**Work task**
Exactly as written, output the lines below starting from the first and ending with the line that contains "blk = doc.blocks.new('*U160')"; omit pictures.

Information shown: Begin

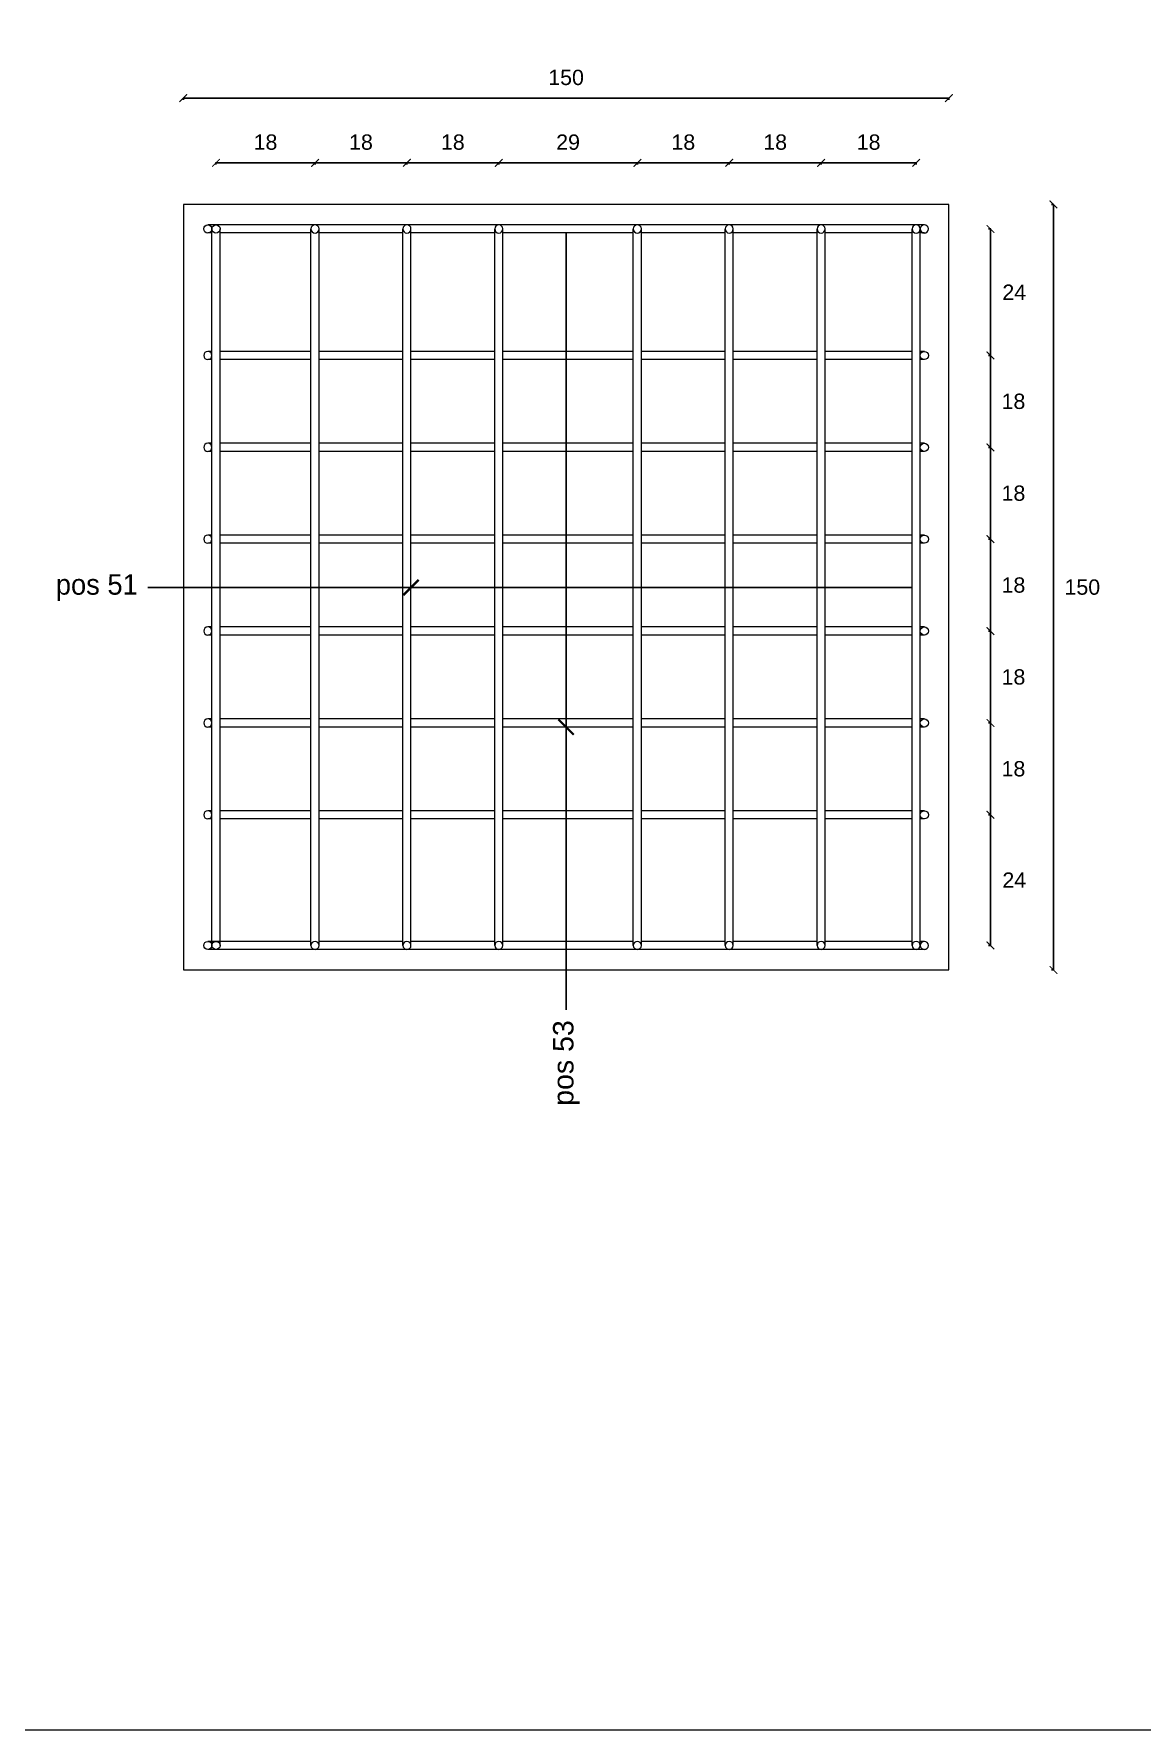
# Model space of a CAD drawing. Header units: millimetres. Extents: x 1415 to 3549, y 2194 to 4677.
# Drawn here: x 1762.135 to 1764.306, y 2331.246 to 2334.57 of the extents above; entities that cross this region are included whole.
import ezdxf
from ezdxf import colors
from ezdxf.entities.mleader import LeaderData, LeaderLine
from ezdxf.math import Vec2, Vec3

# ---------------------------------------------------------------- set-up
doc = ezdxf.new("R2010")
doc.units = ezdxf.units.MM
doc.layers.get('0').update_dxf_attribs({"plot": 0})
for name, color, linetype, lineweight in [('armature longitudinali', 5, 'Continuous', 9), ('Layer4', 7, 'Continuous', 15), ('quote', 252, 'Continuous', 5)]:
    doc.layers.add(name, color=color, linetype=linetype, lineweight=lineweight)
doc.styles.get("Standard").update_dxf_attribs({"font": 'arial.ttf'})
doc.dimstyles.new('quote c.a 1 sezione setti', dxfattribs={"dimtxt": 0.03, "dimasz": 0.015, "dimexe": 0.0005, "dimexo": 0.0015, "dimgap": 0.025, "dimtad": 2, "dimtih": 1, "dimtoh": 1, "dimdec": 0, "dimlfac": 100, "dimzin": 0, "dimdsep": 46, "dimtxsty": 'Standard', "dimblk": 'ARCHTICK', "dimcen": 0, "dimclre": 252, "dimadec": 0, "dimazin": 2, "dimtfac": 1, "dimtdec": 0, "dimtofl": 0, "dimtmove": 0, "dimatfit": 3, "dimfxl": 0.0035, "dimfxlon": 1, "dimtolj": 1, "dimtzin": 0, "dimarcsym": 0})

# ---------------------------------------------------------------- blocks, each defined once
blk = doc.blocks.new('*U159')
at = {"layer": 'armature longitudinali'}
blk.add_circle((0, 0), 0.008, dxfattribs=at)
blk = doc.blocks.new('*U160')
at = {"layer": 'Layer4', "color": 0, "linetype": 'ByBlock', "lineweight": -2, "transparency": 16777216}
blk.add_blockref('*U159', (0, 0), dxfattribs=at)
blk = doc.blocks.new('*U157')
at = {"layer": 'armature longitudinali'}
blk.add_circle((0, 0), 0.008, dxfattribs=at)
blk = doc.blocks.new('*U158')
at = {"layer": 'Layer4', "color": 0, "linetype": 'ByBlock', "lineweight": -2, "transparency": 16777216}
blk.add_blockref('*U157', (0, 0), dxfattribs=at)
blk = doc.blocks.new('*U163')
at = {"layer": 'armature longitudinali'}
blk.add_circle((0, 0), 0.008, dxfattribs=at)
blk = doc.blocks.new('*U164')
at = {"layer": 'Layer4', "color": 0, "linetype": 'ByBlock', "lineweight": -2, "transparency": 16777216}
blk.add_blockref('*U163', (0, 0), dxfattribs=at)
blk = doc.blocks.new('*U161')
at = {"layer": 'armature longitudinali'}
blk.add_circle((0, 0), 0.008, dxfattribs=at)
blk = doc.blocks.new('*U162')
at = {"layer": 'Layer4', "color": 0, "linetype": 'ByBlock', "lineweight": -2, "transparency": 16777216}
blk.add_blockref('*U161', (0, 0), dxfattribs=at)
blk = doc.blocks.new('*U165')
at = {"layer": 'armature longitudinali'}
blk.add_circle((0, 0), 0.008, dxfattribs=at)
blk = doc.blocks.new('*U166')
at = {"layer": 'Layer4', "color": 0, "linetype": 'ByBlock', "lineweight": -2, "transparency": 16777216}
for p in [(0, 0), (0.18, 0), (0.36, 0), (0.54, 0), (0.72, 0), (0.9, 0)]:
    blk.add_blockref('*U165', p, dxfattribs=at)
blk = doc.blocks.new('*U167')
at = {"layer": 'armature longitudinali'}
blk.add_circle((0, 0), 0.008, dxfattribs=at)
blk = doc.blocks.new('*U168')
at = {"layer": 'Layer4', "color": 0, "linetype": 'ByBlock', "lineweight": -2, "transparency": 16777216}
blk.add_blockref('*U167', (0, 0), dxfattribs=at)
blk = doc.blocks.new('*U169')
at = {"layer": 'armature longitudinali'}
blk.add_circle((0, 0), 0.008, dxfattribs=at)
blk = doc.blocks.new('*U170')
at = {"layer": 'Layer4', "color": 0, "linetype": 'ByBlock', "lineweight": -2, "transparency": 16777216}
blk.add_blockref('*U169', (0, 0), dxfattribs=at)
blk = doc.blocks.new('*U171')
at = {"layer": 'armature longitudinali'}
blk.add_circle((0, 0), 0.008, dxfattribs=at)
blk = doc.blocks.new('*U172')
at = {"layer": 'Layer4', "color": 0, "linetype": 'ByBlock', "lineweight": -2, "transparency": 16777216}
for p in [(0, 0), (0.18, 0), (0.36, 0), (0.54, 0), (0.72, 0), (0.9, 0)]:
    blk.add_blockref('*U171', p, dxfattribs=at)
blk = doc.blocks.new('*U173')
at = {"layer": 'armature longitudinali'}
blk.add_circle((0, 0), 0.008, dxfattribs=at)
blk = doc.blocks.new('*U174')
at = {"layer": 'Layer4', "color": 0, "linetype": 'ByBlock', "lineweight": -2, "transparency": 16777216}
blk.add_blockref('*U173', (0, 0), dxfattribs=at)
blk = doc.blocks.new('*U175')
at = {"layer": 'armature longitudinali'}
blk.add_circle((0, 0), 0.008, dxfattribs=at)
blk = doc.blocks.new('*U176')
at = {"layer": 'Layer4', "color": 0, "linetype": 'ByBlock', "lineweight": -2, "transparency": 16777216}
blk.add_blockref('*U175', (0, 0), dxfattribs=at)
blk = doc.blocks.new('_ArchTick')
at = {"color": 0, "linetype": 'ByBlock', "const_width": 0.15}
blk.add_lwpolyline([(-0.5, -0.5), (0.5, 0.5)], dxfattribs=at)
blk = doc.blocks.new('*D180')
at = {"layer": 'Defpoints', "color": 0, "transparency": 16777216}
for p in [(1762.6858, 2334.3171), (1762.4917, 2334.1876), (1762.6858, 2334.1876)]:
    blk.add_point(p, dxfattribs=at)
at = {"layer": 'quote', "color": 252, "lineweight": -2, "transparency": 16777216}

Information shown: End

**Task solution**
# Model space of a CAD drawing. Header units: millimetres. Extents: x 1415 to 3549, y 2194 to 4677.
# Drawn here: x 1762.135 to 1764.306, y 2331.246 to 2334.57 of the extents above; entities that cross this region are included whole.
import ezdxf
from ezdxf import colors
from ezdxf.entities.mleader import LeaderData, LeaderLine
from ezdxf.math import Vec2, Vec3

# ---------------------------------------------------------------- set-up
doc = ezdxf.new("R2010")
doc.units = ezdxf.units.MM
doc.layers.get('0').update_dxf_attribs({"plot": 0})
for name, color, linetype, lineweight in [('armature longitudinali', 5, 'Continuous', 9), ('Layer4', 7, 'Continuous', 15), ('quote', 252, 'Continuous', 5)]:
    doc.layers.add(name, color=color, linetype=linetype, lineweight=lineweight)
doc.styles.get("Standard").update_dxf_attribs({"font": 'arial.ttf'})
doc.dimstyles.new('quote c.a 1 sezione setti', dxfattribs={"dimtxt": 0.03, "dimasz": 0.015, "dimexe": 0.0005, "dimexo": 0.0015, "dimgap": 0.025, "dimtad": 2, "dimtih": 1, "dimtoh": 1, "dimdec": 0, "dimlfac": 100, "dimzin": 0, "dimdsep": 46, "dimtxsty": 'Standard', "dimblk": 'ARCHTICK', "dimcen": 0, "dimclre": 252, "dimadec": 0, "dimazin": 2, "dimtfac": 1, "dimtdec": 0, "dimtofl": 0, "dimtmove": 0, "dimatfit": 3, "dimfxl": 0.0035, "dimfxlon": 1, "dimtolj": 1, "dimtzin": 0, "dimarcsym": 0})

# ---------------------------------------------------------------- blocks, each defined once
blk = doc.blocks.new('*U159')
at = {"layer": 'armature longitudinali'}
blk.add_circle((0, 0), 0.008, dxfattribs=at)
blk = doc.blocks.new('*U160')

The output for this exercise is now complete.